**Your assignment**
List all lines of the data that include the string "mxGraphModel".

**Dataset entries**
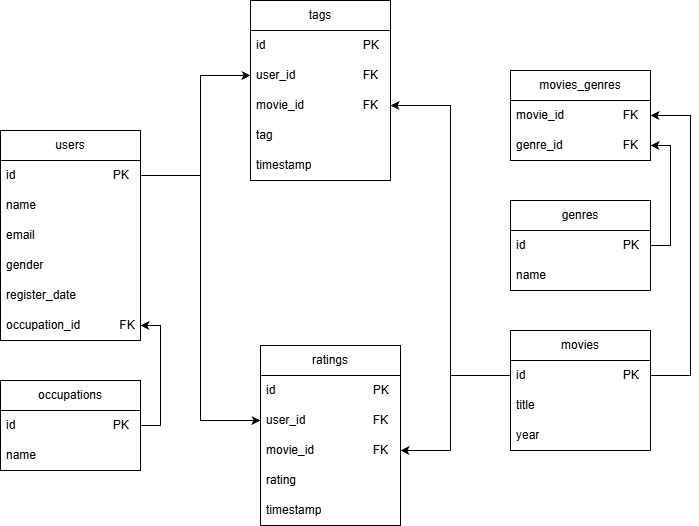

The diagram above was exported from draw.io. Its source (the exported page's mxGraphModel, read from the mxfile embedded in the PNG):
<mxGraphModel dx="742" dy="773" grid="1" gridSize="10" guides="1" tooltips="1" connect="1" arrows="1" fold="1" page="1" pageScale="1" pageWidth="850" pageHeight="1100" math="0" shadow="0">
  <root>
    <mxCell id="0" />
    <mxCell id="1" parent="0" />
    <mxCell id="Z2MFk9qDL9Mc8BHigN2g-1" parent="1" style="swimlane;fontStyle=0;childLayout=stackLayout;horizontal=1;startSize=30;horizontalStack=0;resizeParent=1;resizeParentMax=0;resizeLast=0;collapsible=1;marginBottom=0;whiteSpace=wrap;html=1;" value="users" vertex="1">
      <mxGeometry height="210" width="140" x="80" y="200" as="geometry" />
    </mxCell>
    <mxCell id="Z2MFk9qDL9Mc8BHigN2g-2" parent="Z2MFk9qDL9Mc8BHigN2g-1" style="text;strokeColor=none;fillColor=none;align=left;verticalAlign=middle;spacingLeft=4;spacingRight=4;overflow=hidden;points=[[0,0.5],[1,0.5]];portConstraint=eastwest;rotatable=0;whiteSpace=wrap;html=1;" value="id&lt;span style=&quot;white-space: pre;&quot;&gt;&#09;&lt;/span&gt;&lt;span style=&quot;white-space: pre;&quot;&gt;&#09;&lt;/span&gt;&lt;span style=&quot;white-space: pre;&quot;&gt;&#09;&lt;/span&gt;&lt;span style=&quot;white-space: pre;&quot;&gt;&#09;&lt;/span&gt;PK" vertex="1">
      <mxGeometry height="30" width="140" y="30" as="geometry" />
    </mxCell>
    <mxCell id="Z2MFk9qDL9Mc8BHigN2g-3" parent="Z2MFk9qDL9Mc8BHigN2g-1" style="text;strokeColor=none;fillColor=none;align=left;verticalAlign=middle;spacingLeft=4;spacingRight=4;overflow=hidden;points=[[0,0.5],[1,0.5]];portConstraint=eastwest;rotatable=0;whiteSpace=wrap;html=1;" value="name" vertex="1">
      <mxGeometry height="30" width="140" y="60" as="geometry" />
    </mxCell>
    <mxCell id="Z2MFk9qDL9Mc8BHigN2g-4" parent="Z2MFk9qDL9Mc8BHigN2g-1" style="text;strokeColor=none;fillColor=none;align=left;verticalAlign=middle;spacingLeft=4;spacingRight=4;overflow=hidden;points=[[0,0.5],[1,0.5]];portConstraint=eastwest;rotatable=0;whiteSpace=wrap;html=1;" value="email" vertex="1">
      <mxGeometry height="30" width="140" y="90" as="geometry" />
    </mxCell>
    <mxCell id="Z2MFk9qDL9Mc8BHigN2g-5" parent="Z2MFk9qDL9Mc8BHigN2g-1" style="text;strokeColor=none;fillColor=none;align=left;verticalAlign=middle;spacingLeft=4;spacingRight=4;overflow=hidden;points=[[0,0.5],[1,0.5]];portConstraint=eastwest;rotatable=0;whiteSpace=wrap;html=1;" value="gender" vertex="1">
      <mxGeometry height="30" width="140" y="120" as="geometry" />
    </mxCell>
    <mxCell id="Z2MFk9qDL9Mc8BHigN2g-7" parent="Z2MFk9qDL9Mc8BHigN2g-1" style="text;strokeColor=none;fillColor=none;align=left;verticalAlign=middle;spacingLeft=4;spacingRight=4;overflow=hidden;points=[[0,0.5],[1,0.5]];portConstraint=eastwest;rotatable=0;whiteSpace=wrap;html=1;" value="register_date" vertex="1">
      <mxGeometry height="30" width="140" y="150" as="geometry" />
    </mxCell>
    <mxCell id="Z2MFk9qDL9Mc8BHigN2g-6" parent="Z2MFk9qDL9Mc8BHigN2g-1" style="text;strokeColor=none;fillColor=none;align=left;verticalAlign=middle;spacingLeft=4;spacingRight=4;overflow=hidden;points=[[0,0.5],[1,0.5]];portConstraint=eastwest;rotatable=0;whiteSpace=wrap;html=1;" value="occupation_id&lt;span style=&quot;white-space: pre;&quot;&gt;&#09;&lt;/span&gt;&lt;span style=&quot;white-space: pre;&quot;&gt;&#09;  &lt;/span&gt;FK" vertex="1">
      <mxGeometry height="30" width="140" y="180" as="geometry" />
    </mxCell>
    <mxCell id="Z2MFk9qDL9Mc8BHigN2g-8" parent="1" style="swimlane;fontStyle=0;childLayout=stackLayout;horizontal=1;startSize=30;horizontalStack=0;resizeParent=1;resizeParentMax=0;resizeLast=0;collapsible=1;marginBottom=0;whiteSpace=wrap;html=1;" value="tags" vertex="1">
      <mxGeometry height="180" width="140" x="330" y="70" as="geometry" />
    </mxCell>
    <mxCell id="Z2MFk9qDL9Mc8BHigN2g-9" parent="Z2MFk9qDL9Mc8BHigN2g-8" style="text;strokeColor=none;fillColor=none;align=left;verticalAlign=middle;spacingLeft=4;spacingRight=4;overflow=hidden;points=[[0,0.5],[1,0.5]];portConstraint=eastwest;rotatable=0;whiteSpace=wrap;html=1;" value="id&lt;span style=&quot;white-space: pre;&quot;&gt;&#09;&lt;/span&gt;&lt;span style=&quot;white-space: pre;&quot;&gt;&#09;&lt;/span&gt;&lt;span style=&quot;white-space: pre;&quot;&gt;&#09;&lt;/span&gt;&lt;span style=&quot;white-space: pre;&quot;&gt;&#09;&lt;/span&gt;PK" vertex="1">
      <mxGeometry height="30" width="140" y="30" as="geometry" />
    </mxCell>
    <mxCell id="Z2MFk9qDL9Mc8BHigN2g-10" parent="Z2MFk9qDL9Mc8BHigN2g-8" style="text;strokeColor=none;fillColor=none;align=left;verticalAlign=middle;spacingLeft=4;spacingRight=4;overflow=hidden;points=[[0,0.5],[1,0.5]];portConstraint=eastwest;rotatable=0;whiteSpace=wrap;html=1;" value="user_id&lt;span style=&quot;white-space: pre;&quot;&gt;&#09;&lt;/span&gt;&lt;span style=&quot;white-space: pre;&quot;&gt;&#09;&lt;/span&gt;&lt;span style=&quot;white-space: pre;&quot;&gt;&#09;&lt;/span&gt;FK" vertex="1">
      <mxGeometry height="30" width="140" y="60" as="geometry" />
    </mxCell>
    <mxCell id="Z2MFk9qDL9Mc8BHigN2g-11" parent="Z2MFk9qDL9Mc8BHigN2g-8" style="text;strokeColor=none;fillColor=none;align=left;verticalAlign=middle;spacingLeft=4;spacingRight=4;overflow=hidden;points=[[0,0.5],[1,0.5]];portConstraint=eastwest;rotatable=0;whiteSpace=wrap;html=1;" value="movie_id&lt;span style=&quot;white-space: pre;&quot;&gt;&#09;&lt;/span&gt;&lt;span style=&quot;white-space: pre;&quot;&gt;&#09;&lt;/span&gt;&lt;span style=&quot;white-space: pre;&quot;&gt;&#09;&lt;/span&gt;FK" vertex="1">
      <mxGeometry height="30" width="140" y="90" as="geometry" />
    </mxCell>
    <mxCell id="Z2MFk9qDL9Mc8BHigN2g-12" parent="Z2MFk9qDL9Mc8BHigN2g-8" style="text;strokeColor=none;fillColor=none;align=left;verticalAlign=middle;spacingLeft=4;spacingRight=4;overflow=hidden;points=[[0,0.5],[1,0.5]];portConstraint=eastwest;rotatable=0;whiteSpace=wrap;html=1;" value="tag" vertex="1">
      <mxGeometry height="30" width="140" y="120" as="geometry" />
    </mxCell>
    <mxCell id="Z2MFk9qDL9Mc8BHigN2g-13" parent="Z2MFk9qDL9Mc8BHigN2g-8" style="text;strokeColor=none;fillColor=none;align=left;verticalAlign=middle;spacingLeft=4;spacingRight=4;overflow=hidden;points=[[0,0.5],[1,0.5]];portConstraint=eastwest;rotatable=0;whiteSpace=wrap;html=1;" value="timestamp" vertex="1">
      <mxGeometry height="30" width="140" y="150" as="geometry" />
    </mxCell>
    <mxCell id="Z2MFk9qDL9Mc8BHigN2g-18" edge="1" parent="1" source="Z2MFk9qDL9Mc8BHigN2g-15" style="edgeStyle=orthogonalEdgeStyle;rounded=0;orthogonalLoop=1;jettySize=auto;html=1;entryX=1;entryY=0.5;entryDx=0;entryDy=0;exitX=1;exitY=0.5;exitDx=0;exitDy=0;" target="Z2MFk9qDL9Mc8BHigN2g-6">
      <mxGeometry relative="1" as="geometry" />
    </mxCell>
    <mxCell id="Z2MFk9qDL9Mc8BHigN2g-14" parent="1" style="swimlane;fontStyle=0;childLayout=stackLayout;horizontal=1;startSize=30;horizontalStack=0;resizeParent=1;resizeParentMax=0;resizeLast=0;collapsible=1;marginBottom=0;whiteSpace=wrap;html=1;" value="occupations" vertex="1">
      <mxGeometry height="90" width="140" x="80" y="450" as="geometry" />
    </mxCell>
    <mxCell id="Z2MFk9qDL9Mc8BHigN2g-15" parent="Z2MFk9qDL9Mc8BHigN2g-14" style="text;strokeColor=none;fillColor=none;align=left;verticalAlign=middle;spacingLeft=4;spacingRight=4;overflow=hidden;points=[[0,0.5],[1,0.5]];portConstraint=eastwest;rotatable=0;whiteSpace=wrap;html=1;" value="id&lt;span style=&quot;white-space: pre;&quot;&gt;&#09;&lt;/span&gt;&lt;span style=&quot;white-space: pre;&quot;&gt;&#09;&lt;/span&gt;&lt;span style=&quot;white-space: pre;&quot;&gt;&#09;&lt;/span&gt;&lt;span style=&quot;white-space: pre;&quot;&gt;&#09;&lt;/span&gt;PK" vertex="1">
      <mxGeometry height="30" width="140" y="30" as="geometry" />
    </mxCell>
    <mxCell id="Z2MFk9qDL9Mc8BHigN2g-16" parent="Z2MFk9qDL9Mc8BHigN2g-14" style="text;strokeColor=none;fillColor=none;align=left;verticalAlign=middle;spacingLeft=4;spacingRight=4;overflow=hidden;points=[[0,0.5],[1,0.5]];portConstraint=eastwest;rotatable=0;whiteSpace=wrap;html=1;" value="name" vertex="1">
      <mxGeometry height="30" width="140" y="60" as="geometry" />
    </mxCell>
    <mxCell id="Z2MFk9qDL9Mc8BHigN2g-24" parent="1" style="swimlane;fontStyle=0;childLayout=stackLayout;horizontal=1;startSize=30;horizontalStack=0;resizeParent=1;resizeParentMax=0;resizeLast=0;collapsible=1;marginBottom=0;whiteSpace=wrap;html=1;" value="movies_genres" vertex="1">
      <mxGeometry height="90" width="140" x="590" y="140" as="geometry" />
    </mxCell>
    <mxCell id="Z2MFk9qDL9Mc8BHigN2g-25" parent="Z2MFk9qDL9Mc8BHigN2g-24" style="text;strokeColor=none;fillColor=none;align=left;verticalAlign=middle;spacingLeft=4;spacingRight=4;overflow=hidden;points=[[0,0.5],[1,0.5]];portConstraint=eastwest;rotatable=0;whiteSpace=wrap;html=1;" value="movie_id&lt;span style=&quot;white-space: pre;&quot;&gt;&#09;&lt;/span&gt;&lt;span style=&quot;white-space: pre;&quot;&gt;&#09;&lt;span style=&quot;white-space: pre;&quot;&gt;&#09;&lt;/span&gt;&lt;/span&gt;FK" vertex="1">
      <mxGeometry height="30" width="140" y="30" as="geometry" />
    </mxCell>
    <mxCell id="Z2MFk9qDL9Mc8BHigN2g-26" parent="Z2MFk9qDL9Mc8BHigN2g-24" style="text;strokeColor=none;fillColor=none;align=left;verticalAlign=middle;spacingLeft=4;spacingRight=4;overflow=hidden;points=[[0,0.5],[1,0.5]];portConstraint=eastwest;rotatable=0;whiteSpace=wrap;html=1;" value="genre_id&lt;span style=&quot;white-space: pre;&quot;&gt;&#09;&lt;/span&gt;&lt;span style=&quot;white-space: pre;&quot;&gt;&#09;&lt;/span&gt;&lt;span style=&quot;white-space: pre;&quot;&gt;&#09;&lt;/span&gt;FK" vertex="1">
      <mxGeometry height="30" width="140" y="60" as="geometry" />
    </mxCell>
    <mxCell id="Z2MFk9qDL9Mc8BHigN2g-28" parent="1" style="swimlane;fontStyle=0;childLayout=stackLayout;horizontal=1;startSize=30;horizontalStack=0;resizeParent=1;resizeParentMax=0;resizeLast=0;collapsible=1;marginBottom=0;whiteSpace=wrap;html=1;" value="genres" vertex="1">
      <mxGeometry height="90" width="140" x="590" y="270" as="geometry" />
    </mxCell>
    <mxCell id="Z2MFk9qDL9Mc8BHigN2g-29" parent="Z2MFk9qDL9Mc8BHigN2g-28" style="text;strokeColor=none;fillColor=none;align=left;verticalAlign=middle;spacingLeft=4;spacingRight=4;overflow=hidden;points=[[0,0.5],[1,0.5]];portConstraint=eastwest;rotatable=0;whiteSpace=wrap;html=1;" value="id&lt;span style=&quot;white-space: pre;&quot;&gt;&#09;&lt;/span&gt;&lt;span style=&quot;white-space: pre;&quot;&gt;&#09;&lt;/span&gt;&lt;span style=&quot;white-space: pre;&quot;&gt;&#09;&lt;/span&gt;&lt;span style=&quot;white-space: pre;&quot;&gt;&#09;PK&lt;/span&gt;" vertex="1">
      <mxGeometry height="30" width="140" y="30" as="geometry" />
    </mxCell>
    <mxCell id="Z2MFk9qDL9Mc8BHigN2g-30" parent="Z2MFk9qDL9Mc8BHigN2g-28" style="text;strokeColor=none;fillColor=none;align=left;verticalAlign=middle;spacingLeft=4;spacingRight=4;overflow=hidden;points=[[0,0.5],[1,0.5]];portConstraint=eastwest;rotatable=0;whiteSpace=wrap;html=1;" value="name" vertex="1">
      <mxGeometry height="30" width="140" y="60" as="geometry" />
    </mxCell>
    <mxCell id="Z2MFk9qDL9Mc8BHigN2g-32" edge="1" parent="1" source="Z2MFk9qDL9Mc8BHigN2g-29" style="edgeStyle=orthogonalEdgeStyle;rounded=0;orthogonalLoop=1;jettySize=auto;html=1;entryX=1;entryY=0.5;entryDx=0;entryDy=0;exitX=1;exitY=0.5;exitDx=0;exitDy=0;" target="Z2MFk9qDL9Mc8BHigN2g-26">
      <mxGeometry relative="1" as="geometry" />
    </mxCell>
    <mxCell id="Z2MFk9qDL9Mc8BHigN2g-33" parent="1" style="swimlane;fontStyle=0;childLayout=stackLayout;horizontal=1;startSize=30;horizontalStack=0;resizeParent=1;resizeParentMax=0;resizeLast=0;collapsible=1;marginBottom=0;whiteSpace=wrap;html=1;" value="movies" vertex="1">
      <mxGeometry height="120" width="140" x="590" y="400" as="geometry" />
    </mxCell>
    <mxCell id="Z2MFk9qDL9Mc8BHigN2g-34" parent="Z2MFk9qDL9Mc8BHigN2g-33" style="text;strokeColor=none;fillColor=none;align=left;verticalAlign=middle;spacingLeft=4;spacingRight=4;overflow=hidden;points=[[0,0.5],[1,0.5]];portConstraint=eastwest;rotatable=0;whiteSpace=wrap;html=1;" value="id&lt;span style=&quot;white-space: pre;&quot;&gt;&#09;&lt;/span&gt;&lt;span style=&quot;white-space: pre;&quot;&gt;&#09;&lt;/span&gt;&lt;span style=&quot;white-space: pre;&quot;&gt;&#09;&lt;/span&gt;&lt;span style=&quot;white-space: pre;&quot;&gt;&#09;PK&lt;/span&gt;" vertex="1">
      <mxGeometry height="30" width="140" y="30" as="geometry" />
    </mxCell>
    <mxCell id="Z2MFk9qDL9Mc8BHigN2g-35" parent="Z2MFk9qDL9Mc8BHigN2g-33" style="text;strokeColor=none;fillColor=none;align=left;verticalAlign=middle;spacingLeft=4;spacingRight=4;overflow=hidden;points=[[0,0.5],[1,0.5]];portConstraint=eastwest;rotatable=0;whiteSpace=wrap;html=1;" value="title" vertex="1">
      <mxGeometry height="30" width="140" y="60" as="geometry" />
    </mxCell>
    <mxCell id="Z2MFk9qDL9Mc8BHigN2g-36" parent="Z2MFk9qDL9Mc8BHigN2g-33" style="text;strokeColor=none;fillColor=none;align=left;verticalAlign=middle;spacingLeft=4;spacingRight=4;overflow=hidden;points=[[0,0.5],[1,0.5]];portConstraint=eastwest;rotatable=0;whiteSpace=wrap;html=1;" value="year" vertex="1">
      <mxGeometry height="30" width="140" y="90" as="geometry" />
    </mxCell>
    <mxCell id="Z2MFk9qDL9Mc8BHigN2g-39" edge="1" parent="1" source="Z2MFk9qDL9Mc8BHigN2g-34" style="edgeStyle=orthogonalEdgeStyle;rounded=0;orthogonalLoop=1;jettySize=auto;html=1;entryX=1;entryY=0.5;entryDx=0;entryDy=0;exitX=1;exitY=0.5;exitDx=0;exitDy=0;" target="Z2MFk9qDL9Mc8BHigN2g-25">
      <mxGeometry relative="1" as="geometry">
        <Array as="points">
          <mxPoint x="770" y="445" />
          <mxPoint x="770" y="185" />
        </Array>
      </mxGeometry>
    </mxCell>
    <mxCell id="Z2MFk9qDL9Mc8BHigN2g-40" parent="1" style="swimlane;fontStyle=0;childLayout=stackLayout;horizontal=1;startSize=30;horizontalStack=0;resizeParent=1;resizeParentMax=0;resizeLast=0;collapsible=1;marginBottom=0;whiteSpace=wrap;html=1;" value="ratings" vertex="1">
      <mxGeometry height="180" width="140" x="340" y="415" as="geometry" />
    </mxCell>
    <mxCell id="Z2MFk9qDL9Mc8BHigN2g-41" parent="Z2MFk9qDL9Mc8BHigN2g-40" style="text;strokeColor=none;fillColor=none;align=left;verticalAlign=middle;spacingLeft=4;spacingRight=4;overflow=hidden;points=[[0,0.5],[1,0.5]];portConstraint=eastwest;rotatable=0;whiteSpace=wrap;html=1;" value="id&lt;span style=&quot;white-space: pre;&quot;&gt;&#09;&lt;/span&gt;&lt;span style=&quot;white-space: pre;&quot;&gt;&#09;&lt;/span&gt;&lt;span style=&quot;white-space: pre;&quot;&gt;&#09;&lt;/span&gt;&lt;span style=&quot;white-space: pre;&quot;&gt;&#09;&lt;/span&gt;PK" vertex="1">
      <mxGeometry height="30" width="140" y="30" as="geometry" />
    </mxCell>
    <mxCell id="Z2MFk9qDL9Mc8BHigN2g-42" parent="Z2MFk9qDL9Mc8BHigN2g-40" style="text;strokeColor=none;fillColor=none;align=left;verticalAlign=middle;spacingLeft=4;spacingRight=4;overflow=hidden;points=[[0,0.5],[1,0.5]];portConstraint=eastwest;rotatable=0;whiteSpace=wrap;html=1;" value="user_id&lt;span style=&quot;white-space: pre;&quot;&gt;&#09;&lt;/span&gt;&lt;span style=&quot;white-space: pre;&quot;&gt;&#09;&lt;/span&gt;&lt;span style=&quot;white-space: pre;&quot;&gt;&#09;&lt;/span&gt;FK" vertex="1">
      <mxGeometry height="30" width="140" y="60" as="geometry" />
    </mxCell>
    <mxCell id="Z2MFk9qDL9Mc8BHigN2g-43" parent="Z2MFk9qDL9Mc8BHigN2g-40" style="text;strokeColor=none;fillColor=none;align=left;verticalAlign=middle;spacingLeft=4;spacingRight=4;overflow=hidden;points=[[0,0.5],[1,0.5]];portConstraint=eastwest;rotatable=0;whiteSpace=wrap;html=1;" value="movie_id&lt;span style=&quot;white-space: pre;&quot;&gt;&#09;&lt;/span&gt;&lt;span style=&quot;white-space: pre;&quot;&gt;&#09;&lt;/span&gt;&lt;span style=&quot;white-space: pre;&quot;&gt;&#09;&lt;/span&gt;FK" vertex="1">
      <mxGeometry height="30" width="140" y="90" as="geometry" />
    </mxCell>
    <mxCell id="Z2MFk9qDL9Mc8BHigN2g-44" parent="Z2MFk9qDL9Mc8BHigN2g-40" style="text;strokeColor=none;fillColor=none;align=left;verticalAlign=middle;spacingLeft=4;spacingRight=4;overflow=hidden;points=[[0,0.5],[1,0.5]];portConstraint=eastwest;rotatable=0;whiteSpace=wrap;html=1;" value="rating" vertex="1">
      <mxGeometry height="30" width="140" y="120" as="geometry" />
    </mxCell>
    <mxCell id="Z2MFk9qDL9Mc8BHigN2g-45" parent="Z2MFk9qDL9Mc8BHigN2g-40" style="text;strokeColor=none;fillColor=none;align=left;verticalAlign=middle;spacingLeft=4;spacingRight=4;overflow=hidden;points=[[0,0.5],[1,0.5]];portConstraint=eastwest;rotatable=0;whiteSpace=wrap;html=1;" value="timestamp" vertex="1">
      <mxGeometry height="30" width="140" y="150" as="geometry" />
    </mxCell>
    <mxCell id="Z2MFk9qDL9Mc8BHigN2g-46" edge="1" parent="1" source="Z2MFk9qDL9Mc8BHigN2g-34" style="edgeStyle=orthogonalEdgeStyle;rounded=0;orthogonalLoop=1;jettySize=auto;html=1;exitX=0;exitY=0.5;exitDx=0;exitDy=0;entryX=1;entryY=0.5;entryDx=0;entryDy=0;" target="Z2MFk9qDL9Mc8BHigN2g-43">
      <mxGeometry relative="1" as="geometry">
        <Array as="points">
          <mxPoint x="530" y="445" />
          <mxPoint x="530" y="520" />
        </Array>
      </mxGeometry>
    </mxCell>
    <mxCell id="Z2MFk9qDL9Mc8BHigN2g-47" edge="1" parent="1" source="Z2MFk9qDL9Mc8BHigN2g-2" style="edgeStyle=orthogonalEdgeStyle;rounded=0;orthogonalLoop=1;jettySize=auto;html=1;exitX=1;exitY=0.5;exitDx=0;exitDy=0;entryX=0;entryY=0.5;entryDx=0;entryDy=0;" target="Z2MFk9qDL9Mc8BHigN2g-42">
      <mxGeometry relative="1" as="geometry" />
    </mxCell>
    <mxCell id="Z2MFk9qDL9Mc8BHigN2g-48" edge="1" parent="1" source="Z2MFk9qDL9Mc8BHigN2g-2" style="edgeStyle=orthogonalEdgeStyle;rounded=0;orthogonalLoop=1;jettySize=auto;html=1;exitX=1;exitY=0.5;exitDx=0;exitDy=0;entryX=0;entryY=0.5;entryDx=0;entryDy=0;" target="Z2MFk9qDL9Mc8BHigN2g-10">
      <mxGeometry relative="1" as="geometry">
        <Array as="points">
          <mxPoint x="280" y="245" />
          <mxPoint x="280" y="145" />
        </Array>
      </mxGeometry>
    </mxCell>
    <mxCell id="Z2MFk9qDL9Mc8BHigN2g-50" edge="1" parent="1" source="Z2MFk9qDL9Mc8BHigN2g-34" style="edgeStyle=orthogonalEdgeStyle;rounded=0;orthogonalLoop=1;jettySize=auto;html=1;exitX=0;exitY=0.5;exitDx=0;exitDy=0;entryX=1;entryY=0.5;entryDx=0;entryDy=0;" target="Z2MFk9qDL9Mc8BHigN2g-11">
      <mxGeometry relative="1" as="geometry" />
    </mxCell>
  </root>
</mxGraphModel>

**Result for this task**
The diagram above was exported from draw.io. Its source (the exported page's mxGraphModel, read from the mxfile embedded in the PNG):
<mxGraphModel dx="742" dy="773" grid="1" gridSize="10" guides="1" tooltips="1" connect="1" arrows="1" fold="1" page="1" pageScale="1" pageWidth="850" pageHeight="1100" math="0" shadow="0">
</mxGraphModel>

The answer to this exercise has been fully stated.